Bug 116072 - Improve spell checking by better word breaking for Hungarian
Summary: Improve spell checking by better word breaking for Hungarian
Status: RESOLVED FIXED
Alias: None
Product: LibreOffice
Classification: Unclassified
Component: Localization (show other bugs)
Version:
(earliest affected)
5.4.0.0.alpha0+
Hardware: All All
: medium normal
Assignee: László Németh
URL:
Whiteboard: target:6.1.0 target:6.0.3
Keywords:
Depends on:
Blocks:
 
Reported: 2018-02-27 21:37 UTC by László Németh
Modified: 2018-03-15 16:06 UTC (History)
0 users

See Also:
Crash report or crash signature:


Attachments
False alarms in the special Hungarian word forms (8.24 KB, image/png)
2018-02-27 21:47 UTC, László Németh
Details
test file (15.92 KB, application/vnd.oasis.opendocument.text)
2018-03-14 15:05 UTC, László Németh
Details

Note You need to log in before you can comment on or make changes to this bug.
Description László Németh 2018-02-27 21:37:34 UTC
Following cases results false alarms during Hungarian spell checking:

példá(k)
csinál(hat)nak
(1)-ben
[1]-ben
Mi van?-nal
Helló!-val
„Élet és Irodalom”-ban

Suggested solution: handling (, ), ], ”, ?, ! as MidLetter during word breaking will pass the previous word forms to Hunspell, where using Hunspell feature IGNORE and BREAK can ignore the parentheses and recognize stems and hyphen+affixes.
Comment 1 László Németh 2018-02-27 21:47:54 UTC
Created attachment 140197 [details]
False alarms in the special Hungarian word forms
Comment 2 Commit Notification 2018-02-28 07:44:01 UTC
László Németh committed a patch related to this issue.
It has been pushed to "master":

http://cgit.freedesktop.org/libreoffice/core/commit/?id=3cc58a5904604f0f2e9977a9508bab02518122ad

tdf#116072 Extend MidLetter in Hungarian word breaking

It will be available in 6.1.0.

The patch should be included in the daily builds available at
http://dev-builds.libreoffice.org/daily/ in the next 24-48 hours.
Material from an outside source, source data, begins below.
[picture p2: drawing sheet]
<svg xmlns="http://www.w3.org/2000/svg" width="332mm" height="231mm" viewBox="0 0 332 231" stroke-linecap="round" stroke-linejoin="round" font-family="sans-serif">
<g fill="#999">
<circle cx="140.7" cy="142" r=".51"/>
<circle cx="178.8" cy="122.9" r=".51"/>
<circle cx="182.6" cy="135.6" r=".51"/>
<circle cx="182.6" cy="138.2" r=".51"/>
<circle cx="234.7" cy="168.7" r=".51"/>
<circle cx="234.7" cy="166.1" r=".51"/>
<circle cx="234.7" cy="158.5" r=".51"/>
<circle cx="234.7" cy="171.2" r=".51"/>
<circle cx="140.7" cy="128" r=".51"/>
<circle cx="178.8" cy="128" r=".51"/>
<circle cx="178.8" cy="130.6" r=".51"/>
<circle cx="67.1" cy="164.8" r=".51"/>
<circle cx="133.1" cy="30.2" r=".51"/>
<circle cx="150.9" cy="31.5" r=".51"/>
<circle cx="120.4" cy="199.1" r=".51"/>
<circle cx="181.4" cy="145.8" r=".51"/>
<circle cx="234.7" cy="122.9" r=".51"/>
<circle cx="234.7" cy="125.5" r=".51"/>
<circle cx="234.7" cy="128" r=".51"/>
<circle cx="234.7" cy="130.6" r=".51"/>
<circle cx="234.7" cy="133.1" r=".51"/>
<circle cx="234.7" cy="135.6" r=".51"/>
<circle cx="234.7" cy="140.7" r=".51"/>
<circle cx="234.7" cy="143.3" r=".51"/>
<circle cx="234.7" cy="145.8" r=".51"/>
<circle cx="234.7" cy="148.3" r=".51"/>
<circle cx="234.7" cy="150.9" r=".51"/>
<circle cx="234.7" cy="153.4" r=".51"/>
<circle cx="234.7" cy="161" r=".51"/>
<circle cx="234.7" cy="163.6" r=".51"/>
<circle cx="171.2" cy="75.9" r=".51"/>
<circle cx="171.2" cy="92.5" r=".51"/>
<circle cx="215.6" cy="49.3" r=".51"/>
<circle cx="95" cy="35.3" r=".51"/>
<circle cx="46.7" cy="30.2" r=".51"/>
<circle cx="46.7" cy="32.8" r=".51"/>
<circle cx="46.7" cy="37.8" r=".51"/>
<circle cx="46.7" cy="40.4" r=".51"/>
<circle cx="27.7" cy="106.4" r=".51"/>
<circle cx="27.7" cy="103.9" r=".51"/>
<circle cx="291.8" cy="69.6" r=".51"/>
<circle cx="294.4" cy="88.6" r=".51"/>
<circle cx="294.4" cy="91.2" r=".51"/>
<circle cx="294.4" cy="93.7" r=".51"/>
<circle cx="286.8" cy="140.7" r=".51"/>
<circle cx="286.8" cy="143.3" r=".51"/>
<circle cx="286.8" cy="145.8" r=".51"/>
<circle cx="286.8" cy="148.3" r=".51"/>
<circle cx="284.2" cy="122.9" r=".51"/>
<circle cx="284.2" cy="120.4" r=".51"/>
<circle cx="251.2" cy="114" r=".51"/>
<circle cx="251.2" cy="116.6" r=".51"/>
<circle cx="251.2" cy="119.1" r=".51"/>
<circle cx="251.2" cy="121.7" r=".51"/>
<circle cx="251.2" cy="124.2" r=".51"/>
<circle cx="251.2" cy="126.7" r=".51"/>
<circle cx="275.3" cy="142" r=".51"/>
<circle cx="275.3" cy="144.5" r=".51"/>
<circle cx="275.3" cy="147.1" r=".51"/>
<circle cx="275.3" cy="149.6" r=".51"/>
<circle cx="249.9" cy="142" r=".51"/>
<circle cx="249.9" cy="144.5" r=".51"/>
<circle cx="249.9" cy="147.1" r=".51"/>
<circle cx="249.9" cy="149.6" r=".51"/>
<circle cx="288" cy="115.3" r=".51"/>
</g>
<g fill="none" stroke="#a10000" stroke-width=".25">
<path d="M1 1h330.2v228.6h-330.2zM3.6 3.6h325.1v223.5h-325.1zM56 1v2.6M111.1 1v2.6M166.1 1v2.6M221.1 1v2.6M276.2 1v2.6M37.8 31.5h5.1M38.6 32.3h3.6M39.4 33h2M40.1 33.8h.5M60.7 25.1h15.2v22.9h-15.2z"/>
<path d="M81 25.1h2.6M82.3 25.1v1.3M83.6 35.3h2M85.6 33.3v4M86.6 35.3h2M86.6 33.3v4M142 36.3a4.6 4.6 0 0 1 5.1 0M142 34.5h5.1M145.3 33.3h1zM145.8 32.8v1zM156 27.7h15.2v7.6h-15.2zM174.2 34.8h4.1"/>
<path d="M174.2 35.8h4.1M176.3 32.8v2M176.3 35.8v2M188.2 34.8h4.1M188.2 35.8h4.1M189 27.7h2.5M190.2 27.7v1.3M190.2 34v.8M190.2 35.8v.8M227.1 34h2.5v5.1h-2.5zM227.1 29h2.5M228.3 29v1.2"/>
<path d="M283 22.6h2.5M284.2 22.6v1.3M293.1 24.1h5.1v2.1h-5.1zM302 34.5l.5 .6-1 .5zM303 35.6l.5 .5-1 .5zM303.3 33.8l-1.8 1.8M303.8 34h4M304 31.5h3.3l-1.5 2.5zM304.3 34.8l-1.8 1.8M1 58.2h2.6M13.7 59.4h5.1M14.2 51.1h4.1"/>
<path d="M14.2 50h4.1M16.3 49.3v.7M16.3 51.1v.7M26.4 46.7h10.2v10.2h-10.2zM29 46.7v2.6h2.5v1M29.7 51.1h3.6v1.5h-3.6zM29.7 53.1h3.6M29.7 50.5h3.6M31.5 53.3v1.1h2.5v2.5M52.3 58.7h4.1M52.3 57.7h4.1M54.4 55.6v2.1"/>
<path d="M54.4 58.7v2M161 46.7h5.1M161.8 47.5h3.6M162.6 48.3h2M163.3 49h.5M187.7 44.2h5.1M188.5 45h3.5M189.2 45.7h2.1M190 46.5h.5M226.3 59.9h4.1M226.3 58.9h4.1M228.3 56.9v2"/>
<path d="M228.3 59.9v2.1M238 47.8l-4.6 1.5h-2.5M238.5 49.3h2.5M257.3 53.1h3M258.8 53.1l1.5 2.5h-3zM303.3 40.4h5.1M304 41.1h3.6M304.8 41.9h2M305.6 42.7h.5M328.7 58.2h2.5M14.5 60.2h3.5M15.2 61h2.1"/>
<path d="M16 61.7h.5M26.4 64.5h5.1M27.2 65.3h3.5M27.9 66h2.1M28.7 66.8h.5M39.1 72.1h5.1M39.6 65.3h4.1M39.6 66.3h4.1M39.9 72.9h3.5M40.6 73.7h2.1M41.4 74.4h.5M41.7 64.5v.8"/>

More
information about daily builds can be found at:
http://wiki.documentfoundation.org/Testing_Daily_Builds

Affected users are encouraged to test the fix and report feedback.
Comment 4 László Németh 2018-02-28 08:29:55 UTC
(Note: test with „Mi van?-nak”, not „Mi van?-nal”. The affix -nal/-nel, -tyal/-tyel versions of -val/-vel will be added in the next bigger release of the dictionary.)
Comment 5 Commit Notification 2018-03-01 11:44:10 UTC
László Németh committed a patch related to this issue.
It has been pushed to "libreoffice-6-0":

http://cgit.freedesktop.org/libreoffice/core/commit/?id=c85aa97d4e20091db71899f713b07e3c57b3b7ad&h=libreoffice-6-0

tdf#116072 Extend MidLetter in Hungarian word breaking

It will be available in 6.0.3.

The patch should be included in the daily builds available at
http://dev-builds.libreoffice.org/daily/ in the next 24-48 hours. More
information about daily builds can be found at:
http://wiki.documentfoundation.org/Testing_Daily_Builds

Affected users are encouraged to test the fix and report feedback.
Comment 6 László Németh 2018-03-14 15:05:46 UTC
Created attachment 140632 [details]
test file

Fixing this issue removes all false alarms with affixes, for example word part "ban" and "ben" in the form "a)-ban" and "b)-ben" (also when "a" and "b" come from automatic references, as in this test file).
Comment 7 Commit Notification 2018-03-15 16:06:00 UTC
László Németh committed a patch related to this issue.
It has been pushed to "master":

http://cgit.freedesktop.org/libreoffice/core/commit/?id=6ef7c2729fb85959dfd76f028166f7631886399c

tdf#116072 Add PrefixLetter ")" in Hungarian word breaking

It will be available in 6.1.0.

The patch should be included in the daily builds available at
http://dev-builds.libreoffice.org/daily/ in the next 24-48 hours. More
information about daily builds can be found at:
http://wiki.documentfoundation.org/Testing_Daily_Builds

Affected users are encouraged to test the fix and report feedback.